(Records from a data source)
<<<<

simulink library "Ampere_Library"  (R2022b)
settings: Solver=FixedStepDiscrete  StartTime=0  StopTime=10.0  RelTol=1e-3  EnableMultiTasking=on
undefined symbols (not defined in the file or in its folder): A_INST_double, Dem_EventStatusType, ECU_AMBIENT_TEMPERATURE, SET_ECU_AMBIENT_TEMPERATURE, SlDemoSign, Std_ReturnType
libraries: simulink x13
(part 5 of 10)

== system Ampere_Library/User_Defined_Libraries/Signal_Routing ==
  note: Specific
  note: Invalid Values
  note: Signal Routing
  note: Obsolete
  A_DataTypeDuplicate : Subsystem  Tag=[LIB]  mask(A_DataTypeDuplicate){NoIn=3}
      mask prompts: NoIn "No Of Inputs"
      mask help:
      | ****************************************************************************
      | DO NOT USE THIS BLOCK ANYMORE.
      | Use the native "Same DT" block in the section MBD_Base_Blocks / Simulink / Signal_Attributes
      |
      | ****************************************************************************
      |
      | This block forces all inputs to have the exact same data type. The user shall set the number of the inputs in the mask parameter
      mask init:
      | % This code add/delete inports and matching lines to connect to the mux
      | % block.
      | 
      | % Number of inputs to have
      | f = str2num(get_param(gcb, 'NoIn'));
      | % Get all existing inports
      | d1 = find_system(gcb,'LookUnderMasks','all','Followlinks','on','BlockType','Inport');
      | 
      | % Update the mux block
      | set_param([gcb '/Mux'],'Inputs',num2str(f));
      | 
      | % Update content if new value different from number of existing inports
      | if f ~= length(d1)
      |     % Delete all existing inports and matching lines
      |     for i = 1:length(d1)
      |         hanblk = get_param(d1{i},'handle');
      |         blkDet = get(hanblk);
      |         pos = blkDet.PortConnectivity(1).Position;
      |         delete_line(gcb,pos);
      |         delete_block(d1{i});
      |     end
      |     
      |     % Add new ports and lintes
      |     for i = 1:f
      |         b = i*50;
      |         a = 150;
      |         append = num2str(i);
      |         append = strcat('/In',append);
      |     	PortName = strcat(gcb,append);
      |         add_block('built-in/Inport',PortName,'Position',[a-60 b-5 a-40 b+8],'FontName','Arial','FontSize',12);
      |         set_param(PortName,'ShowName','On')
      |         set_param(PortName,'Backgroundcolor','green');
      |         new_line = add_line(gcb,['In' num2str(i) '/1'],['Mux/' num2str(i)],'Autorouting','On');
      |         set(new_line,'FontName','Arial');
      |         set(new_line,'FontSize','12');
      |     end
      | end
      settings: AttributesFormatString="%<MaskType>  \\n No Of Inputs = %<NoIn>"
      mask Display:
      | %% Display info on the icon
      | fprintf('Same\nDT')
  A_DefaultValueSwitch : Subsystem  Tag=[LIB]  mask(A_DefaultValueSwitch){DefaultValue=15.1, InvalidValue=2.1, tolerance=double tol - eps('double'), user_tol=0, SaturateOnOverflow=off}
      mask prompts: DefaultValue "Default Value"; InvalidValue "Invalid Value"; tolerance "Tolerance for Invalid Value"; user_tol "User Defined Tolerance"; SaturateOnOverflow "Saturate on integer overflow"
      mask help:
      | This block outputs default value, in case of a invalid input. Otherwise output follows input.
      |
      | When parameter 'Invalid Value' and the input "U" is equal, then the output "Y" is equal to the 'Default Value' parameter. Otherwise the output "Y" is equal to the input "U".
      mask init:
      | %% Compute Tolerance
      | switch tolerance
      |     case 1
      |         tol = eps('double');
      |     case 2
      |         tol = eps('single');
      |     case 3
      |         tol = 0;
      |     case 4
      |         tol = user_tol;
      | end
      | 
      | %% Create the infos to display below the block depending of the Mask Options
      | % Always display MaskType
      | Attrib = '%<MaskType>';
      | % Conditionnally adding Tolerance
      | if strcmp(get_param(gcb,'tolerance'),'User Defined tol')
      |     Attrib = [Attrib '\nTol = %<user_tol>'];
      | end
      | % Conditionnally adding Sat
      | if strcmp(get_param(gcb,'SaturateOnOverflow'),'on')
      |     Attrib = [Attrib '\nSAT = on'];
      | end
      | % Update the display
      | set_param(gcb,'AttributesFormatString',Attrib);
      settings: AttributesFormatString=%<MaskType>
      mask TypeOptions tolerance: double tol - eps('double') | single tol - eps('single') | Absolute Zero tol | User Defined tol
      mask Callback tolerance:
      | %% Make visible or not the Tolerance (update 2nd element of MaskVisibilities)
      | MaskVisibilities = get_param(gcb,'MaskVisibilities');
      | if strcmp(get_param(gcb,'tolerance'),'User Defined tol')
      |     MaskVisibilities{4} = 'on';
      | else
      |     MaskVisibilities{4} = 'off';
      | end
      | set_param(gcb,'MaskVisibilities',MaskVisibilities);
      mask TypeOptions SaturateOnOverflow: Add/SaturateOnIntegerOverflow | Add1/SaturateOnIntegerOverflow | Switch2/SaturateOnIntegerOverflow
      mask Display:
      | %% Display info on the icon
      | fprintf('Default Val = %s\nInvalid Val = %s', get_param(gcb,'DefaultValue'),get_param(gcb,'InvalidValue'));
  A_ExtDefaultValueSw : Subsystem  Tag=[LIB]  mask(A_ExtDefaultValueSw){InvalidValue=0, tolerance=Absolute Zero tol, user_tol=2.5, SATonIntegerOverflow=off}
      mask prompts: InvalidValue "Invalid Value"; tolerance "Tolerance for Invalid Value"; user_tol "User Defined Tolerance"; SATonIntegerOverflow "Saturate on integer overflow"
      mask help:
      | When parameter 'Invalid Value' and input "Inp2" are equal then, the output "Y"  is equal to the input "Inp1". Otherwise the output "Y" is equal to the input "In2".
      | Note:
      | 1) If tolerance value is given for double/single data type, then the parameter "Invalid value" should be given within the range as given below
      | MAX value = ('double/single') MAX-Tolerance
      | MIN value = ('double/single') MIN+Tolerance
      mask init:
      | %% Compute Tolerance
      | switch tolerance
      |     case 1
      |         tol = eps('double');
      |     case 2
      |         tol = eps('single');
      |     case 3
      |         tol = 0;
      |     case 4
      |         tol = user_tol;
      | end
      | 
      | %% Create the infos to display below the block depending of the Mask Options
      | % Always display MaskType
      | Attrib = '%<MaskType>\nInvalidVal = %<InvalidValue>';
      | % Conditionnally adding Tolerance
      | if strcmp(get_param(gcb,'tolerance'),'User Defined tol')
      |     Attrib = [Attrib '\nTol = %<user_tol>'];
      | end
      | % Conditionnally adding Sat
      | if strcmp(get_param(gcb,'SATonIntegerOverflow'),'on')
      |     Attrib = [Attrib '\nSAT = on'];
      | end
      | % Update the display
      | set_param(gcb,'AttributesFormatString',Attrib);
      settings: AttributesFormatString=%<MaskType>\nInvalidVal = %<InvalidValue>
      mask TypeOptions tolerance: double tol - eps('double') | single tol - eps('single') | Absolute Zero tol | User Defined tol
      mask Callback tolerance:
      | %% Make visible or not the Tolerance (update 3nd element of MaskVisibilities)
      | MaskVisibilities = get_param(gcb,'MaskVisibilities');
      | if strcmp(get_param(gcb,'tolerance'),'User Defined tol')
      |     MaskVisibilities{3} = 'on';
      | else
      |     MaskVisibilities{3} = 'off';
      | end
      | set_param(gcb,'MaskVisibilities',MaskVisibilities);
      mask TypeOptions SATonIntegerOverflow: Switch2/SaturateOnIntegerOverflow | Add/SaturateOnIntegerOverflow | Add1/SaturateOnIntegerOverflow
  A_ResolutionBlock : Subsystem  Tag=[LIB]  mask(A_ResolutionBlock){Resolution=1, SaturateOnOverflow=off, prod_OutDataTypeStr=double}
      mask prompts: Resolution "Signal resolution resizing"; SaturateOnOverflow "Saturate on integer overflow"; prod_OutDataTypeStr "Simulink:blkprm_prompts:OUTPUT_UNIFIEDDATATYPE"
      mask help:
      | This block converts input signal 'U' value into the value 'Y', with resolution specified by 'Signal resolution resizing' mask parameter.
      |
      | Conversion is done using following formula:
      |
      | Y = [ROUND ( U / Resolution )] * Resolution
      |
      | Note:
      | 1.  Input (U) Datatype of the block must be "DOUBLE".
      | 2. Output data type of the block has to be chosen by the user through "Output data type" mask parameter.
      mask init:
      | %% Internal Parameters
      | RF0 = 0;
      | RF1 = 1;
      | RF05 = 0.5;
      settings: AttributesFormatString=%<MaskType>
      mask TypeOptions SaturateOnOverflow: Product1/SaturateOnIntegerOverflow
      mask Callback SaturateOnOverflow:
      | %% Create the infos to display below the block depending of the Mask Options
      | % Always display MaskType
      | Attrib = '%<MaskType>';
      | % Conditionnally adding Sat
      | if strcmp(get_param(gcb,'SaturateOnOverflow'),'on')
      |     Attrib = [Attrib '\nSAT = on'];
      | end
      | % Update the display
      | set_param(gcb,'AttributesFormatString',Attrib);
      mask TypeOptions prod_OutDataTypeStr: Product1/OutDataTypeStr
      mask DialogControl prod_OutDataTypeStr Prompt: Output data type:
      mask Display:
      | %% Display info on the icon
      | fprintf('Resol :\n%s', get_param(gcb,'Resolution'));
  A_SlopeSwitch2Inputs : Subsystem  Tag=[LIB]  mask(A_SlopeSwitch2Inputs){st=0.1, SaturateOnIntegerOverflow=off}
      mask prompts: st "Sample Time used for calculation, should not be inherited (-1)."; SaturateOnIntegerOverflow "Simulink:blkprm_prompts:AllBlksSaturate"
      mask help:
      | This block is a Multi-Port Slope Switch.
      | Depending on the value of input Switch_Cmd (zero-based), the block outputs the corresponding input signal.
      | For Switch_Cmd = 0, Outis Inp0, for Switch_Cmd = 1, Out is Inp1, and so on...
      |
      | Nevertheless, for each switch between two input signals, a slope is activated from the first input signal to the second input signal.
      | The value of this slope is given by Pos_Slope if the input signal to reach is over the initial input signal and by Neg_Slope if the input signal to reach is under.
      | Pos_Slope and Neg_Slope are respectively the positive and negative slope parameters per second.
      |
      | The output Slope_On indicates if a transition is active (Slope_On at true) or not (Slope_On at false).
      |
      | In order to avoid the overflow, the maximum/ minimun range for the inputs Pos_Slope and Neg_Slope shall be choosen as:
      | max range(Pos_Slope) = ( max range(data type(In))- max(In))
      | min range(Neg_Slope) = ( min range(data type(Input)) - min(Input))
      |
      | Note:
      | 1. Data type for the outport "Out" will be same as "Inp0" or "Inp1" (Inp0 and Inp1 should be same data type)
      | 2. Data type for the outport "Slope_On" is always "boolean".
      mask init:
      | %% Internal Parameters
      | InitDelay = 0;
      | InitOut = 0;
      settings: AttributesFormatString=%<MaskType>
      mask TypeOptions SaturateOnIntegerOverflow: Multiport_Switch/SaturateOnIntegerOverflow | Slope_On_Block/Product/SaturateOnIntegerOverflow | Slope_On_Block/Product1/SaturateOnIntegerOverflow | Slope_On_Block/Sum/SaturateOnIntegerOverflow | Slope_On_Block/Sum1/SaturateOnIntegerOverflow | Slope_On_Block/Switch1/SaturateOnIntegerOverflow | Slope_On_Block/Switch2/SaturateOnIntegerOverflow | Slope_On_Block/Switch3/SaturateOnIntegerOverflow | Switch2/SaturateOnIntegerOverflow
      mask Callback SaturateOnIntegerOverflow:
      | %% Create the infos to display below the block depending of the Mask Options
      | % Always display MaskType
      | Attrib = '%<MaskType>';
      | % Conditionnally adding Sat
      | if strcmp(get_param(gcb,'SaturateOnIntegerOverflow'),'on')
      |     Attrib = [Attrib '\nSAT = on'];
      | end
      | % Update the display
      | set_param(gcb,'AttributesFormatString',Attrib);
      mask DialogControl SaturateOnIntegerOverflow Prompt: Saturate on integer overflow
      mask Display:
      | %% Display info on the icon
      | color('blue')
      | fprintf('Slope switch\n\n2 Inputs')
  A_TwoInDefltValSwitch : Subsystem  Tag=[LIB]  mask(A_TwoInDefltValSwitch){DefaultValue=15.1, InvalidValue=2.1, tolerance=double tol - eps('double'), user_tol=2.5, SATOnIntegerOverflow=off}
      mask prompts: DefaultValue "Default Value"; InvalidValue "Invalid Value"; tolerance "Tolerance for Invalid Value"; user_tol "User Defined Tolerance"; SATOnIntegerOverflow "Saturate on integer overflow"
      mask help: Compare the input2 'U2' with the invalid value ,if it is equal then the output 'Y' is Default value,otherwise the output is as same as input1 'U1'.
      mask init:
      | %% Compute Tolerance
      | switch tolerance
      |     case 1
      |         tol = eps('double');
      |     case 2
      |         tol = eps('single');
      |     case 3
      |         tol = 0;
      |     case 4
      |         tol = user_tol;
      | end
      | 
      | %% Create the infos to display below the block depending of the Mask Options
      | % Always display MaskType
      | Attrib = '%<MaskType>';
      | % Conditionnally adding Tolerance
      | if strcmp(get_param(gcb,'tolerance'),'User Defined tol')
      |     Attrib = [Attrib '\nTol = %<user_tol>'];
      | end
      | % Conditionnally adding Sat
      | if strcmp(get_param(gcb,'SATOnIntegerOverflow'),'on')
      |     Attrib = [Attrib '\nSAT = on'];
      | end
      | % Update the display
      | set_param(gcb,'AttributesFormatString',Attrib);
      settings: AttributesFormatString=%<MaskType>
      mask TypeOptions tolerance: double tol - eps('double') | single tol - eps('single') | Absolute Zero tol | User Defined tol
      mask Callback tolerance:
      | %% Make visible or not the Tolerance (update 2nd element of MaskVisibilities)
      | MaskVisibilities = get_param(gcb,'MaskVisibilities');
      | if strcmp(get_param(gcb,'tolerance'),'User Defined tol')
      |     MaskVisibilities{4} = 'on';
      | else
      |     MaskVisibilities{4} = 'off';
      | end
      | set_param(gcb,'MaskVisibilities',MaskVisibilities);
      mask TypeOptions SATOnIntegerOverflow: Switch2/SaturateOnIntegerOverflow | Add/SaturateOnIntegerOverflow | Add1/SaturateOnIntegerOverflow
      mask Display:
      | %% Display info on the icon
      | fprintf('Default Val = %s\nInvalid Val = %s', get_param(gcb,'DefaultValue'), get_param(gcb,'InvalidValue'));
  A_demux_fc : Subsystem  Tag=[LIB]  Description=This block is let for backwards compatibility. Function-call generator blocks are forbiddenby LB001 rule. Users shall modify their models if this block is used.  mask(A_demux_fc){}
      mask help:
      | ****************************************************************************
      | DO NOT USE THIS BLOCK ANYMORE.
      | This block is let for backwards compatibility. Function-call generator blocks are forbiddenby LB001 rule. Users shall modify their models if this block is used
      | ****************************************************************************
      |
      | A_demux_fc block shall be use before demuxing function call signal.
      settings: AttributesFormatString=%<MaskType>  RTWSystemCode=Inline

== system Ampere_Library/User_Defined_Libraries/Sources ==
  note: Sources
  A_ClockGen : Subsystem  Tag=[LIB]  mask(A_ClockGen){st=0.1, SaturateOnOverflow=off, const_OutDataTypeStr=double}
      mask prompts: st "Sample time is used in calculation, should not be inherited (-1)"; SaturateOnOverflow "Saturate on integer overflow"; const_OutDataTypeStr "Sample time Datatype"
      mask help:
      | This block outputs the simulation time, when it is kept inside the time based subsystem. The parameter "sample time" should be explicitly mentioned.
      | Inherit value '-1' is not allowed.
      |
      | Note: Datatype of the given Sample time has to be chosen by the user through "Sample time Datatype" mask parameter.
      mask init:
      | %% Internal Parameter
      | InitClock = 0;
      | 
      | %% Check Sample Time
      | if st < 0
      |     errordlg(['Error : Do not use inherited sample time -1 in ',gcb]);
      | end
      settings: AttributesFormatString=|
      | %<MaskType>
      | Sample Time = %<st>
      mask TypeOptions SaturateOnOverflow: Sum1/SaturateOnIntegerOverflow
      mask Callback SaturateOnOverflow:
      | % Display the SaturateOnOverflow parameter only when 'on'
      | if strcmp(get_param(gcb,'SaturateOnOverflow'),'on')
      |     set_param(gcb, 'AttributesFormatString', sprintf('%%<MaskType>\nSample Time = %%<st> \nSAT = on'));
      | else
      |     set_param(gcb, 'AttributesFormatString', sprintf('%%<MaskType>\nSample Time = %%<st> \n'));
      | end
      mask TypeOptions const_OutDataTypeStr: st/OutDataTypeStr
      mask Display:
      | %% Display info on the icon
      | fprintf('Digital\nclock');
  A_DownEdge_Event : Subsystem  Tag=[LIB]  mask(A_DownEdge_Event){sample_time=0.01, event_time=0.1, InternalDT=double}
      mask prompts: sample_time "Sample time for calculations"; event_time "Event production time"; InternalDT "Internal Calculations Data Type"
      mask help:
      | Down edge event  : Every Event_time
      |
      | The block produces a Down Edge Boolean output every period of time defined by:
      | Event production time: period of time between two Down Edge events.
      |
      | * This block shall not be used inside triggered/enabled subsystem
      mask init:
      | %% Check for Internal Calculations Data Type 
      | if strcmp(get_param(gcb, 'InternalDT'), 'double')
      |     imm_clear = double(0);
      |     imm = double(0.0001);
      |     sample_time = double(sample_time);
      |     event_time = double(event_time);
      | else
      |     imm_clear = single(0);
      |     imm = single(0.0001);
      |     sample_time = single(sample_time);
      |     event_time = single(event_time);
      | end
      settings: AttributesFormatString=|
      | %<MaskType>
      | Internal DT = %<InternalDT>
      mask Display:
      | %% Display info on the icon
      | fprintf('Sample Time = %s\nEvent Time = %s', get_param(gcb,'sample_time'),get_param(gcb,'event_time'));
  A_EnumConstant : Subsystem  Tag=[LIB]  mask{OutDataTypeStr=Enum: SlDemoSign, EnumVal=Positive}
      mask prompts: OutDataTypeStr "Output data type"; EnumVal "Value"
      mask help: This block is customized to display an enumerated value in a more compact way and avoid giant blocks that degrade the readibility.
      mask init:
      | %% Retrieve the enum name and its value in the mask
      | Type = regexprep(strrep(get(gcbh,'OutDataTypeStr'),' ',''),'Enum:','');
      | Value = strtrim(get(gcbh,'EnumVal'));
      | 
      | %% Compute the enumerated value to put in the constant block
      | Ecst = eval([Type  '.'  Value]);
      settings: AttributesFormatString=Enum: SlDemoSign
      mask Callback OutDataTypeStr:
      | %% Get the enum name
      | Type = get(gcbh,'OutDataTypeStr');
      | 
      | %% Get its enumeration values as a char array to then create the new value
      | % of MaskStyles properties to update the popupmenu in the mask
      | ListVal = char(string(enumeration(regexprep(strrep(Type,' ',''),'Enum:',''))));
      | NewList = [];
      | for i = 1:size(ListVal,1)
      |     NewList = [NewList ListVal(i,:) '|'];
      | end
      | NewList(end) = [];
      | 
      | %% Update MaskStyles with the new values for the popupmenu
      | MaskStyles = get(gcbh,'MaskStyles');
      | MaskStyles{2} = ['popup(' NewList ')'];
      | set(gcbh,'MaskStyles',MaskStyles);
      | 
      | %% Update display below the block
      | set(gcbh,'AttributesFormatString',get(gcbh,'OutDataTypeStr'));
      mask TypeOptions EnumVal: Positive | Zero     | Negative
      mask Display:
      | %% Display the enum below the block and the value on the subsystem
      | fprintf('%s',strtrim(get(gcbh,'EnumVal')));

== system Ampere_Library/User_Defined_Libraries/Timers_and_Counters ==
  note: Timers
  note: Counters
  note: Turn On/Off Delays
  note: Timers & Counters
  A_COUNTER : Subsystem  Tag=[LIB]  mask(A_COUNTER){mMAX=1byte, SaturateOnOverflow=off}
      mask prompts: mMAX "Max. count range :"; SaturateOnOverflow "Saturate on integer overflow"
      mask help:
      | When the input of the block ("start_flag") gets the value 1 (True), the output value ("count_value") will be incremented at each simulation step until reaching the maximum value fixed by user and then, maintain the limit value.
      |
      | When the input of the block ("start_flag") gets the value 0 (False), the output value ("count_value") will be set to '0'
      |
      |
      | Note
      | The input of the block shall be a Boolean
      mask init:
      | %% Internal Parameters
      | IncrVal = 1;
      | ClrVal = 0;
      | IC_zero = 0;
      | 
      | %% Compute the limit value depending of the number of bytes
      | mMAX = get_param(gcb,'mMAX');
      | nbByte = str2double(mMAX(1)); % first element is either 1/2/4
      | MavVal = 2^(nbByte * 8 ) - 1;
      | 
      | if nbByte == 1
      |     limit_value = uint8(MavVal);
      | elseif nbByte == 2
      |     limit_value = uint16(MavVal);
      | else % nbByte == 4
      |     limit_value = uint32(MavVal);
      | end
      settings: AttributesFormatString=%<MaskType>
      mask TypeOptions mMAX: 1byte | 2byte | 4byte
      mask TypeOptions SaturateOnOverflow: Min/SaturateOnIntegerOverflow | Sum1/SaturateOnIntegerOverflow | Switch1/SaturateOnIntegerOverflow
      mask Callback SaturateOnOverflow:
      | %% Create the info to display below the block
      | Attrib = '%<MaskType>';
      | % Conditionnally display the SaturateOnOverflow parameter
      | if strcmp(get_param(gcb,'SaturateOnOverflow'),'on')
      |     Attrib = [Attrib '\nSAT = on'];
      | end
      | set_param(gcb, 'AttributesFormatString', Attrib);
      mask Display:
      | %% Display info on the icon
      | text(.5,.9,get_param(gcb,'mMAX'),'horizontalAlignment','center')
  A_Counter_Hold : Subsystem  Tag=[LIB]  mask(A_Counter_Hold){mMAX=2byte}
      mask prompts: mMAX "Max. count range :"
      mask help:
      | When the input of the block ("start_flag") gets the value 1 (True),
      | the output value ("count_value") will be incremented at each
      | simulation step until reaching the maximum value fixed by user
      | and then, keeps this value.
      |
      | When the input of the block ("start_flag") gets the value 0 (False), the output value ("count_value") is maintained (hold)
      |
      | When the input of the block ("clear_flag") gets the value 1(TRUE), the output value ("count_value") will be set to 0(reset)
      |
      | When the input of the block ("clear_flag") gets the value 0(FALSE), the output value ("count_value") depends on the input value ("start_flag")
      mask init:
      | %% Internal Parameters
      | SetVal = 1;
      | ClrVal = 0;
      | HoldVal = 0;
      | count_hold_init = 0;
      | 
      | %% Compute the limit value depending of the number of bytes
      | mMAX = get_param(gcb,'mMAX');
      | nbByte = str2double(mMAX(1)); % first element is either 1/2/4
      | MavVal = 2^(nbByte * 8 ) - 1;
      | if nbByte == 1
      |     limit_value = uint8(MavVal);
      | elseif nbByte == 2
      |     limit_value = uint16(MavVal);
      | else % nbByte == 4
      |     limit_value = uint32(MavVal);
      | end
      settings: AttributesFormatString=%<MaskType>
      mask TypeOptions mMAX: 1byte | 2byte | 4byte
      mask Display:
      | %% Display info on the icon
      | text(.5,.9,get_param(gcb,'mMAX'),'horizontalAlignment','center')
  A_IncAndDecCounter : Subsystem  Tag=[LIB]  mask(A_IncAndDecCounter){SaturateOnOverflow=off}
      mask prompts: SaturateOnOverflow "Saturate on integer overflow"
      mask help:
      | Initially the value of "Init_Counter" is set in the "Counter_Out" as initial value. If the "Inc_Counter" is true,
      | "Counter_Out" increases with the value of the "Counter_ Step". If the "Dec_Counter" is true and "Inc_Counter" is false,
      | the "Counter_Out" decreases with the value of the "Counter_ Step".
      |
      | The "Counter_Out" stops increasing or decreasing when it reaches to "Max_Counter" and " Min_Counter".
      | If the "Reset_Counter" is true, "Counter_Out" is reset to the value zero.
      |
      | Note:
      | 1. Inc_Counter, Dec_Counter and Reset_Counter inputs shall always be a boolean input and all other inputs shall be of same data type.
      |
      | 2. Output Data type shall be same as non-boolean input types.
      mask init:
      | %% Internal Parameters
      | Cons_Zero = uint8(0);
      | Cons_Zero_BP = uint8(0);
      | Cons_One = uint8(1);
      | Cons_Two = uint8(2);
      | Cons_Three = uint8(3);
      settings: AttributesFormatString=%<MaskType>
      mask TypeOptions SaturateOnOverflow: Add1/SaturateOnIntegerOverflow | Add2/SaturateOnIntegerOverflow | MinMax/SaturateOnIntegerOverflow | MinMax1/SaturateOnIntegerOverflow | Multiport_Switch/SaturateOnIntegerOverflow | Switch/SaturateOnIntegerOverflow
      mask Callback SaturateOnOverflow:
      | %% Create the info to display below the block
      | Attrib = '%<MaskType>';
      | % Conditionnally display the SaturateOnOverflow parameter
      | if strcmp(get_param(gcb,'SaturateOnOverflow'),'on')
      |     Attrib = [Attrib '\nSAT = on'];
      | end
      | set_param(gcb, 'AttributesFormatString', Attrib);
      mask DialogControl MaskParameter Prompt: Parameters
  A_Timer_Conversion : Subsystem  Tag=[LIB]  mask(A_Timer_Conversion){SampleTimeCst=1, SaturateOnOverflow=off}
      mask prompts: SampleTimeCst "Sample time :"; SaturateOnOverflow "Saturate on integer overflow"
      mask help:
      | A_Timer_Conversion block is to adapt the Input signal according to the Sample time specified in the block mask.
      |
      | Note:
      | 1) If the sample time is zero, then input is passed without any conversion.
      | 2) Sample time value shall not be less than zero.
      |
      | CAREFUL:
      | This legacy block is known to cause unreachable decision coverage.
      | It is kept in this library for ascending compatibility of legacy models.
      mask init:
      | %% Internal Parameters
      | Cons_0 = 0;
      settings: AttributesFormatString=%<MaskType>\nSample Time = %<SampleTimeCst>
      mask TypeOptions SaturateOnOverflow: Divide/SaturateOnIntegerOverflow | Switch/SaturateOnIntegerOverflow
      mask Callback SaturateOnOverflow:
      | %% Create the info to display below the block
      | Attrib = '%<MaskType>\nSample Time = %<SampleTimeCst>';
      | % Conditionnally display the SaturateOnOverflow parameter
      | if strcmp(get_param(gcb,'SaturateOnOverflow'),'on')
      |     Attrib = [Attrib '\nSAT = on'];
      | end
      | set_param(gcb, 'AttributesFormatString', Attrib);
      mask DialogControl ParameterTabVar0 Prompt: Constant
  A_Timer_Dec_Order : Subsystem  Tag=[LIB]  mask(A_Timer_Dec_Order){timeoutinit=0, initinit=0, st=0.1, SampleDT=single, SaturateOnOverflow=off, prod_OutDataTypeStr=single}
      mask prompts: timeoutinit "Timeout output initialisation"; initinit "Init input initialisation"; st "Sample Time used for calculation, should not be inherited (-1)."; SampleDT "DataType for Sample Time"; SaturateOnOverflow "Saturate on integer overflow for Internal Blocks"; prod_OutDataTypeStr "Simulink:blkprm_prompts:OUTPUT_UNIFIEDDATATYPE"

>>>>

__WORK REQUIRED__:
Only one stretch of the records above is wanted: the lines between the one holding "mask DialogControl prod_OutDataTypeStr" and the one holding "InitOut = 0;", inclusive, reproduced exactly.

__ANSWER TO THIS EXERCISE__:
      mask DialogControl prod_OutDataTypeStr Prompt: Output data type:
      mask Display:
      | %% Display info on the icon
      | fprintf('Resol :\n%s', get_param(gcb,'Resolution'));
  A_SlopeSwitch2Inputs : Subsystem  Tag=[LIB]  mask(A_SlopeSwitch2Inputs){st=0.1, SaturateOnIntegerOverflow=off}
      mask prompts: st "Sample Time used for calculation, should not be inherited (-1)."; SaturateOnIntegerOverflow "Simulink:blkprm_prompts:AllBlksSaturate"
      mask help:
      | This block is a Multi-Port Slope Switch.
      | Depending on the value of input Switch_Cmd (zero-based), the block outputs the corresponding input signal.
      | For Switch_Cmd = 0, Outis Inp0, for Switch_Cmd = 1, Out is Inp1, and so on...
      |
      | Nevertheless, for each switch between two input signals, a slope is activated from the first input signal to the second input signal.
      | The value of this slope is given by Pos_Slope if the input signal to reach is over the initial input signal and by Neg_Slope if the input signal to reach is under.
      | Pos_Slope and Neg_Slope are respectively the positive and negative slope parameters per second.
      |
      | The output Slope_On indicates if a transition is active (Slope_On at true) or not (Slope_On at false).
      |
      | In order to avoid the overflow, the maximum/ minimun range for the inputs Pos_Slope and Neg_Slope shall be choosen as:
      | max range(Pos_Slope) = ( max range(data type(In))- max(In))
      | min range(Neg_Slope) = ( min range(data type(Input)) - min(Input))
      |
      | Note:
      | 1. Data type for the outport "Out" will be same as "Inp0" or "Inp1" (Inp0 and Inp1 should be same data type)
      | 2. Data type for the outport "Slope_On" is always "boolean".
      mask init:
      | %% Internal Parameters
      | InitDelay = 0;
      | InitOut = 0;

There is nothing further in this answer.